MATERIAL SHOWN:
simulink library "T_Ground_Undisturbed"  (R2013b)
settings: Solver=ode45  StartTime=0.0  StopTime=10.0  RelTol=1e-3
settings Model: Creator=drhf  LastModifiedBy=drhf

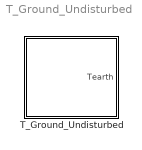
== system T_Ground_Undisturbed ==
  T_Ground_Undisturbed : Subsystem  mask(Undisturbed ground temperature){Tmeanoutside=0, deltathetae=10, tshift=0, cond_ground=1, rhocp=1000*2000, hh=10, znodes=10}
      mask prompts: Tmeanoutside "mean outside temperature over one year [°C]"; deltathetae "amplitude of monthly outside temperatures [°C]"; tshift "time shift where external temperature sine-curve shows a minimum [h]"; cond_ground "soil thermal conductivity in W/m/K"; rhocp "soil heat capacity per Volume in J/m³/K"; hh "depth z in m"; znodes "number of nodes"
      mask help:
      | The temperature of the undisturbed ground Tg is caclulated for a number of equidistant nodes from the surface down to a depth z.
      |
      | Tg = Tavg - dTavg * exp(-z/dg) * cos(2*pi*(t-ts)/t0 - z/dg) + G*z
      |
      | penetration depth : dg = sqrt(t0*cond/(pi*dens*cp))
      |
      | cond  : thermal conductivity of the ground in W/m/K
      | cp    : heat capacity of the ground in J/kg/K
      | dens  : density of the ground in kg/m³
      | G     : temperature increase in the depth (= 0.03 K/m)
      | t     : time of the year in seconds
      | t0    : total seconds of one year (= 3600*24*365)
      | ts    : time in seconds where the ambient temperature curve shows a minimum
      | Tavg  : annual mean ambient temperature
      | dTavg : annual amplitude of the ambient temperature
      | z     : depth in meters
      |
      | The equation is based on approaches presented in the literature for seasonal temperature variations in the earth’s crust (Baehr & Stephan 2006; Wesselak & Schabbach 2009), neglecting the influence of the heat transfer resistance from the ambient air to the surface of the ground (i.e. u_surf =):
      mask init:
      | %thermische eindringtiefe
      | delta_grd = sqrt((8760*3600*cond_ground)/(pi*rhocp));
      | 
      | % height vector
      | z = [0:hh/znodes:hh];
      mask Help: web(fullfile(path_carnot('help'),'T_Ground_Undisturbed.html'),'-helpbrowser')
      mask Display: plot(0,0,100,100,[90,10],[90,90],[50,50],[-0,90],[49,48,46,44,41,34,25,15],[-0,20,40,50,60,70,80,90],[52,54,56,58,61,67,76,85],[-0,20,40,50,60,70,80,90],[50,49,49,48,48,48,50,54,60],[-0,20,30,40,50,60,70,80,90],[50,51,51,52,52,50,48,43,35],[0,20,30,40,50,60,70,80,90])

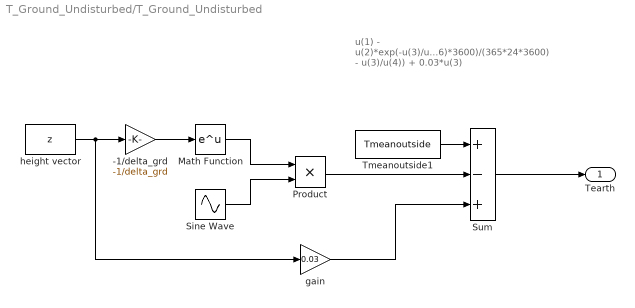
== system T_Ground_Undisturbed/T_Ground_Undisturbed ==
  note: u(1) - u(2)*exp(-u(3)/u(4))*cos(2*pi*(u(5)-u(6)*3600)/(365*24*3600) - u(3)/u(4)) + 0.03*u(3)
  -1/delta_grd : Gain  Gain=-1/delta_grd
  Math Function : Math  SaturateOnIntegerOverflow=on
  Product : Product  RndMeth=Zero
  Sine Wave : Sin  Amplitude=deltathetae  Frequency=2*pi/(365*24*3600)  Phase=pi/2 - 2*pi*tshift/(365*24) - z/delta_grd  SampleTime=0
  Sum : Sum  Inputs=+-+
  Tmeanoutside1 : Constant  Value=Tmeanoutside
  gain : Gain  Gain=0.03
  height vector : Constant  Value=z
  Tearth : Outport
  wires:
  gain/1 -> Sum/3
  height vector/1 -> gain/1, -1/delta_grd/1
  -1/delta_grd/1 -> Math Function/1
  Math Function/1 -> Product/1
  Sine Wave/1 -> Product/2
  Product/1 -> Sum/2
  Sum/1 -> Tearth/1
  Tmeanoutside1/1 -> Sum/1

YOUR INSTRUCTIONS:
Give a tally of the lines in the listing above that contain the word "minimum", and provide nothing beyond the number.

COMPLETED TASK:
2